В конце концов он провел спокойную ночь без сновидений на диване в бывшей бильярдной, полной лунного света комнате в верхнем этаже, наутро перенес туда свой фибровый чемодан и прибил к стене фотографию, на которой был снят сам вместе с пропавшими братьями. Из большого полукруглого эркерного окна его нового прибежища моорский ландшафт казался еще не открытым, нехоженым краем — прибрежный камышник, озеро, ледники и обрывы высокогорья, ни дорог, ни человеческого следа. Далекие террасы каменоломни и ветхий лодочный сарай виллы из этого окна были не видны.
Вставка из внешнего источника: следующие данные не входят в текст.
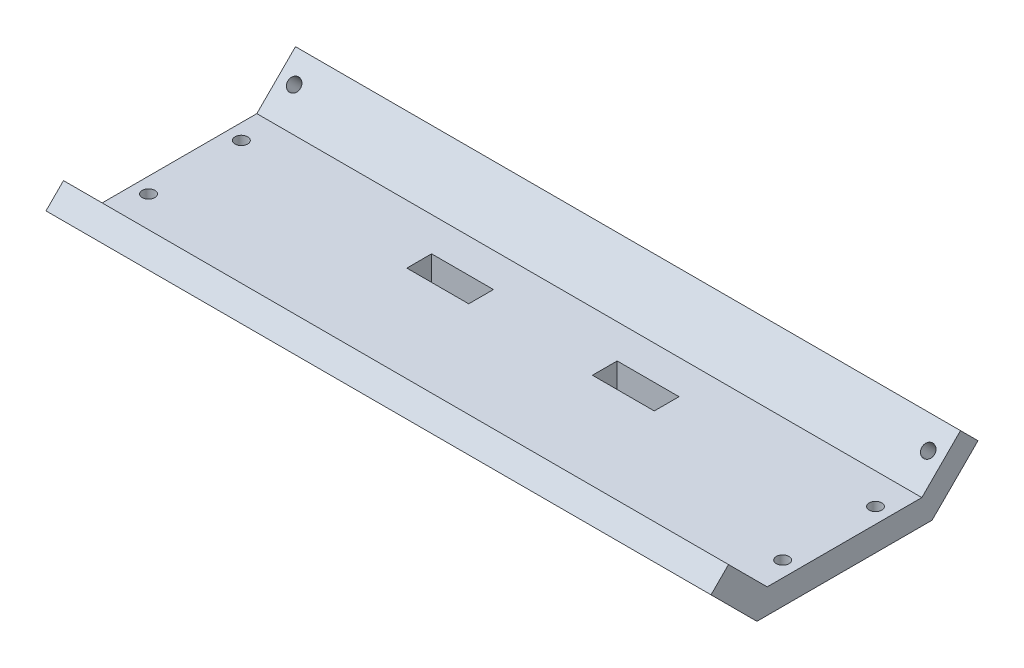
ISO-10303-21;
HEADER;
FILE_DESCRIPTION(('STEP AP214'),'2;1');
FILE_NAME('part.step','',(''),(''),'','','');
FILE_SCHEMA(('AUTOMOTIVE_DESIGN { 1 0 10303 214 1 1 1 1 }'));
ENDSEC;
DATA;
#1=APPLICATION_CONTEXT('core data for automotive mechanical design processes');
#2=APPLICATION_PROTOCOL_DEFINITION('international standard','automotive_design',2000,#1);
#3=PRODUCT_CONTEXT('',#1,'mechanical');
#4=PRODUCT('Part','Part','',(#3));
#5=PRODUCT_RELATED_PRODUCT_CATEGORY('part','',(#4));
#6=PRODUCT_DEFINITION_FORMATION('','',#4);
#7=PRODUCT_DEFINITION_CONTEXT('part definition',#1,'design');
#8=PRODUCT_DEFINITION('design','',#6,#7);
#9=PRODUCT_DEFINITION_SHAPE('','',#8);
#10=(LENGTH_UNIT() NAMED_UNIT(*) SI_UNIT(.MILLI.,.METRE.));
#11=(NAMED_UNIT(*) PLANE_ANGLE_UNIT() SI_UNIT($,.RADIAN.));
#12=(NAMED_UNIT(*) SI_UNIT($,.STERADIAN.) SOLID_ANGLE_UNIT());
#13=UNCERTAINTY_MEASURE_WITH_UNIT(LENGTH_MEASURE(1.E-05),#10,'distance_accuracy_value','');
#14=(GEOMETRIC_REPRESENTATION_CONTEXT(3) GLOBAL_UNCERTAINTY_ASSIGNED_CONTEXT((#13)) GLOBAL_UNIT_ASSIGNED_CONTEXT((#10,
#11,#12)) REPRESENTATION_CONTEXT('',''));
#15=CARTESIAN_POINT('',(0.,0.,0.));
#16=DIRECTION('',(0.,0.,1.));
#17=DIRECTION('',(1.,0.,0.));
#18=AXIS2_PLACEMENT_3D('',#15,#16,#17);
#19=CARTESIAN_POINT('',(107.5,12.4999999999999,37.5000000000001));
#20=DIRECTION('',(0.,-0.707106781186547,-0.707106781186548));
#21=DIRECTION('',(0.,0.707106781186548,-0.707106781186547));
#22=AXIS2_PLACEMENT_3D('',#19,#20,#21);
#23=PLANE('',#22);
#24=DIRECTION('',(0.,-0.707106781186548,0.707106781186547));
#25=VECTOR('',#24,1.);
#26=CARTESIAN_POINT('',(-107.5,12.4999999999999,37.5000000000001));
#27=LINE('',#26,#25);
#28=CARTESIAN_POINT('',(-107.5,12.4999999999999,37.5000000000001));
#29=VERTEX_POINT('',#28);
#30=CARTESIAN_POINT('',(-107.5,6.84314575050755,43.1568542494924));
#31=VERTEX_POINT('',#30);
#32=EDGE_CURVE('E266',#29,#31,#27,.T.);
#33=ORIENTED_EDGE('',*,*,#32,.T.);
#34=DIRECTION('',(-1.,0.,0.));
#35=VECTOR('',#34,1.);
#36=CARTESIAN_POINT('',(107.5,6.84314575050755,43.1568542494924));
#37=LINE('',#36,#35);
#38=CARTESIAN_POINT('',(107.5,6.84314575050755,43.1568542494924));
#39=VERTEX_POINT('',#38);
#40=EDGE_CURVE('E11',#39,#31,#37,.T.);
#41=ORIENTED_EDGE('',*,*,#40,.F.);
#42=DIRECTION('',(0.,-0.707106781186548,0.707106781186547));
#43=VECTOR('',#42,1.);
#44=CARTESIAN_POINT('',(107.5,12.4999999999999,37.5000000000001));
#45=LINE('',#44,#43);
#46=CARTESIAN_POINT('',(107.5,12.4999999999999,37.5000000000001));
#47=VERTEX_POINT('',#46);
#48=EDGE_CURVE('E267',#47,#39,#45,.T.);
#49=ORIENTED_EDGE('',*,*,#48,.F.);
#50=DIRECTION('',(-1.,0.,0.));
#51=VECTOR('',#50,1.);
#52=CARTESIAN_POINT('',(107.5,12.4999999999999,37.5000000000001));
#53=LINE('',#52,#51);
#54=EDGE_CURVE('E285',#47,#29,#53,.T.);
#55=ORIENTED_EDGE('',*,*,#54,.T.);
#56=EDGE_LOOP('',(#33,#41,#49,#55));
#57=FACE_BOUND('',#56,.T.);
#58=ADVANCED_FACE('F38',(#57),#23,.F.);
#59=CARTESIAN_POINT('',(107.5,-8.,28.313708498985));
#60=DIRECTION('',(0.,0.707106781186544,-0.707106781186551));
#61=DIRECTION('',(0.,0.707106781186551,0.707106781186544));
#62=AXIS2_PLACEMENT_3D('',#59,#60,#61);
#63=PLANE('',#62);
#64=CARTESIAN_POINT('',(-102.5,1.414213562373,37.7279220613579));
#65=DIRECTION('',(0.,0.707106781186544,-0.707106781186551));
#66=DIRECTION('',(0.,0.707106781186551,0.707106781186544));
#67=AXIS2_PLACEMENT_3D('',#64,#65,#66);
#68=CIRCLE('',#67,2.04999999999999);
#69=CARTESIAN_POINT('',(-102.5,2.86378246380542,39.1774909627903));
#70=VERTEX_POINT('',#69);
#71=EDGE_CURVE('E242',#70,#70,#68,.T.);
#72=ORIENTED_EDGE('',*,*,#71,.T.);
#73=EDGE_LOOP('',(#72));
#74=FACE_BOUND('',#73,.T.);
#75=CARTESIAN_POINT('',(102.5,1.414213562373,37.7279220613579));
#76=DIRECTION('',(0.,0.707106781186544,-0.707106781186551));
#77=DIRECTION('',(0.,0.707106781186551,0.707106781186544));
#78=AXIS2_PLACEMENT_3D('',#75,#76,#77);
#79=CIRCLE('',#78,2.04999999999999);
#80=CARTESIAN_POINT('',(102.5,2.86378246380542,39.1774909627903));
#81=VERTEX_POINT('',#80);
#82=EDGE_CURVE('E41',#81,#81,#79,.T.);
#83=ORIENTED_EDGE('',*,*,#82,.T.);
#84=EDGE_LOOP('',(#83));
#85=FACE_BOUND('',#84,.T.);
#86=DIRECTION('',(0.,-0.707106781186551,-0.707106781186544));
#87=VECTOR('',#86,1.);
#88=CARTESIAN_POINT('',(-107.5,-8.,28.313708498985));
#89=LINE('',#88,#87);
#90=CARTESIAN_POINT('',(-107.5,-8.,28.313708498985));
#91=VERTEX_POINT('',#90);
#92=EDGE_CURVE('E288',#31,#91,#89,.T.);
#93=ORIENTED_EDGE('',*,*,#92,.T.);
#94=DIRECTION('',(-1.,0.,0.));
#95=VECTOR('',#94,1.);
#96=CARTESIAN_POINT('',(107.5,-8.,28.313708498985));
#97=LINE('',#96,#95);
#98=CARTESIAN_POINT('',(107.5,-8.,28.313708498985));
#99=VERTEX_POINT('',#98);
#100=EDGE_CURVE('E46',#99,#91,#97,.T.);
#101=ORIENTED_EDGE('',*,*,#100,.F.);
#102=DIRECTION('',(0.,-0.707106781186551,-0.707106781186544));
#103=VECTOR('',#102,1.);
#104=CARTESIAN_POINT('',(107.5,-8.,28.313708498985));
#105=LINE('',#104,#103);
#106=EDGE_CURVE('E270',#39,#99,#105,.T.);
#107=ORIENTED_EDGE('',*,*,#106,.F.);
#108=ORIENTED_EDGE('',*,*,#40,.T.);
#109=EDGE_LOOP('',(#93,#101,#107,#108));
#110=FACE_BOUND('',#109,.T.);
#111=ADVANCED_FACE('F345',(#74,#85,#110),#63,.F.);
#112=CARTESIAN_POINT('',(107.5,-8.,28.313708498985));
#113=DIRECTION('',(0.,1.,0.));
#114=DIRECTION('',(0.,0.,1.));
#115=AXIS2_PLACEMENT_3D('',#112,#113,#114);
#116=PLANE('',#115);
#117=DIRECTION('',(1.,0.,0.));
#118=VECTOR('',#117,1.);
#119=CARTESIAN_POINT('',(20.,-8.,-6.));
#120=LINE('',#119,#118);
#121=CARTESIAN_POINT('',(20.,-8.,-6.));
#122=VERTEX_POINT('',#121);
#123=CARTESIAN_POINT('',(40.,-8.,-6.));
#124=VERTEX_POINT('',#123);
#125=EDGE_CURVE('E163',#122,#124,#120,.T.);
#126=ORIENTED_EDGE('',*,*,#125,.T.);
#127=DIRECTION('',(0.,0.,-1.));
#128=VECTOR('',#127,1.);
#129=CARTESIAN_POINT('',(40.,-8.,-14.));
#130=LINE('',#129,#128);
#131=CARTESIAN_POINT('',(40.,-8.,-14.));
#132=VERTEX_POINT('',#131);
#133=EDGE_CURVE('E155',#124,#132,#130,.T.);
#134=ORIENTED_EDGE('',*,*,#133,.T.);
#135=DIRECTION('',(-1.,0.,0.));
#136=VECTOR('',#135,1.);
#137=CARTESIAN_POINT('',(20.,-8.,-14.));
#138=LINE('',#137,#136);
#139=CARTESIAN_POINT('',(20.,-8.,-14.));
#140=VERTEX_POINT('',#139);
#141=EDGE_CURVE('E166',#132,#140,#138,.T.);
#142=ORIENTED_EDGE('',*,*,#141,.T.);
#143=DIRECTION('',(0.,0.,1.));
#144=VECTOR('',#143,1.);
#145=CARTESIAN_POINT('',(20.,-8.,-14.));
#146=LINE('',#145,#144);
#147=EDGE_CURVE('E53',#140,#122,#146,.T.);
#148=ORIENTED_EDGE('',*,*,#147,.T.);
#149=EDGE_LOOP('',(#126,#134,#142,#148));
#150=FACE_BOUND('',#149,.T.);
#151=DIRECTION('',(1.,0.,0.));
#152=VECTOR('',#151,1.);
#153=CARTESIAN_POINT('',(-40.,-8.,-6.));
#154=LINE('',#153,#152);
#155=CARTESIAN_POINT('',(-40.,-8.,-6.));
#156=VERTEX_POINT('',#155);
#157=CARTESIAN_POINT('',(-20.,-8.,-6.));
#158=VERTEX_POINT('',#157);
#159=EDGE_CURVE('E196',#156,#158,#154,.T.);
#160=ORIENTED_EDGE('',*,*,#159,.T.);
#161=DIRECTION('',(0.,0.,-1.));
#162=VECTOR('',#161,1.);
#163=CARTESIAN_POINT('',(-20.,-8.,-14.));
#164=LINE('',#163,#162);
#165=CARTESIAN_POINT('',(-20.,-8.,-14.));
#166=VERTEX_POINT('',#165);
#167=EDGE_CURVE('E207',#158,#166,#164,.T.);
#168=ORIENTED_EDGE('',*,*,#167,.T.);
#169=DIRECTION('',(-1.,0.,0.));
#170=VECTOR('',#169,1.);
#171=CARTESIAN_POINT('',(-40.,-8.,-14.));
#172=LINE('',#171,#170);
#173=CARTESIAN_POINT('',(-40.,-8.,-14.));
#174=VERTEX_POINT('',#173);
#175=EDGE_CURVE('E217',#166,#174,#172,.T.);
#176=ORIENTED_EDGE('',*,*,#175,.T.);
#177=DIRECTION('',(0.,0.,1.));
#178=VECTOR('',#177,1.);
#179=CARTESIAN_POINT('',(-40.,-8.,-14.));
#180=LINE('',#179,#178);
#181=EDGE_CURVE('E61',#174,#156,#180,.T.);
#182=ORIENTED_EDGE('',*,*,#181,.T.);
#183=EDGE_LOOP('',(#160,#168,#176,#182));
#184=FACE_BOUND('',#183,.T.);
#185=CARTESIAN_POINT('',(-102.5,-8.,-15.0000000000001));
#186=DIRECTION('',(0.,1.,0.));
#187=DIRECTION('',(0.,0.,1.));
#188=AXIS2_PLACEMENT_3D('',#185,#186,#187);
#189=CIRCLE('',#188,2.05);
#190=CARTESIAN_POINT('',(-102.5,-8.,-12.9500000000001));
#191=VERTEX_POINT('',#190);
#192=EDGE_CURVE('E230',#191,#191,#189,.T.);
#193=ORIENTED_EDGE('',*,*,#192,.T.);
#194=EDGE_LOOP('',(#193));
#195=FACE_BOUND('',#194,.T.);
#196=CARTESIAN_POINT('',(-102.5,-8.,15.0000000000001));
#197=DIRECTION('',(0.,1.,0.));
#198=DIRECTION('',(0.,0.,1.));
#199=AXIS2_PLACEMENT_3D('',#196,#197,#198);
#200=CIRCLE('',#199,2.05);
#201=CARTESIAN_POINT('',(-102.5,-8.,17.0500000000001));
#202=VERTEX_POINT('',#201);
#203=EDGE_CURVE('E236',#202,#202,#200,.T.);
#204=ORIENTED_EDGE('',*,*,#203,.T.);
#205=EDGE_LOOP('',(#204));
#206=FACE_BOUND('',#205,.T.);
#207=CARTESIAN_POINT('',(102.5,-8.,15.0000000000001));
#208=DIRECTION('',(0.,1.,0.));
#209=DIRECTION('',(0.,0.,1.));
#210=AXIS2_PLACEMENT_3D('',#207,#208,#209);
#211=CIRCLE('',#210,2.05);
#212=CARTESIAN_POINT('',(102.5,-8.,17.0500000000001));
#213=VERTEX_POINT('',#212);
#214=EDGE_CURVE('E251',#213,#213,#211,.T.);
#215=ORIENTED_EDGE('',*,*,#214,.T.);
#216=EDGE_LOOP('',(#215));
#217=FACE_BOUND('',#216,.T.);
#218=CARTESIAN_POINT('',(102.5,-8.,-15.0000000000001));
#219=DIRECTION('',(0.,1.,0.));
#220=DIRECTION('',(0.,0.,1.));
#221=AXIS2_PLACEMENT_3D('',#218,#219,#220);
#222=CIRCLE('',#221,2.05);
#223=CARTESIAN_POINT('',(102.5,-8.,-12.9500000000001));
#224=VERTEX_POINT('',#223);
#225=EDGE_CURVE('E257',#224,#224,#222,.T.);
#226=ORIENTED_EDGE('',*,*,#225,.T.);
#227=EDGE_LOOP('',(#226));
#228=FACE_BOUND('',#227,.T.);
#229=DIRECTION('',(0.,0.,-1.));
#230=VECTOR('',#229,1.);
#231=CARTESIAN_POINT('',(-107.5,-8.,28.313708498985));
#232=LINE('',#231,#230);
#233=CARTESIAN_POINT('',(-107.5,-8.,-28.3137084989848));
#234=VERTEX_POINT('',#233);
#235=EDGE_CURVE('E290',#91,#234,#232,.T.);
#236=ORIENTED_EDGE('',*,*,#235,.T.);
#237=DIRECTION('',(-1.,0.,0.));
#238=VECTOR('',#237,1.);
#239=CARTESIAN_POINT('',(107.5,-8.,-28.3137084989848));
#240=LINE('',#239,#238);
#241=CARTESIAN_POINT('',(107.5,-8.,-28.3137084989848));
#242=VERTEX_POINT('',#241);
#243=EDGE_CURVE('E315',#242,#234,#240,.T.);
#244=ORIENTED_EDGE('',*,*,#243,.F.);
#245=DIRECTION('',(0.,0.,-1.));
#246=VECTOR('',#245,1.);
#247=CARTESIAN_POINT('',(107.5,-8.,28.313708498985));
#248=LINE('',#247,#246);
#249=EDGE_CURVE('E273',#99,#242,#248,.T.);
#250=ORIENTED_EDGE('',*,*,#249,.F.);
#251=ORIENTED_EDGE('',*,*,#100,.T.);
#252=EDGE_LOOP('',(#236,#244,#250,#251));
#253=FACE_BOUND('',#252,.T.);
#254=ADVANCED_FACE('F170',(#150,#184,#195,#206,#217,#228,#253),#116,.F.);
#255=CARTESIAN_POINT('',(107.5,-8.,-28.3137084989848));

Собачий дом располагался под сенью огромных сосен максимум в часе ходьбы от Моора, и все же Берингу иной раз чудилось, будто слышит он не шум ветра в игольчатых кронах, а прибой незримого моря, которое отделяло его теперь от наследства и от прежней жизни.

Путь назад, в кузницу, был отрезан: когда через неделю после ухода он, сунув в багажник “ВОроны” коробку с дефицитом, явился на холм, отец забросал его камнями. Камнями по блестящему лаку лимузина! Он подал машину назад, на безопасное расстояние, вышел, все еще полагая, что это недоразумение, отцова слепота, и опять направился к старику, со своим благотворительным пакетом в руках, перечисляя вслух, что там у него в коробке... Но старик продолжал швырять камни и ледышки — бессильные снаряды, пролетавшие далеко мимо цели, — и, будто не слыша всех этих перечислений лавандового мыла, ментоловых сигарет и лосьона для бритья, знай выкрикивал: Убирайся!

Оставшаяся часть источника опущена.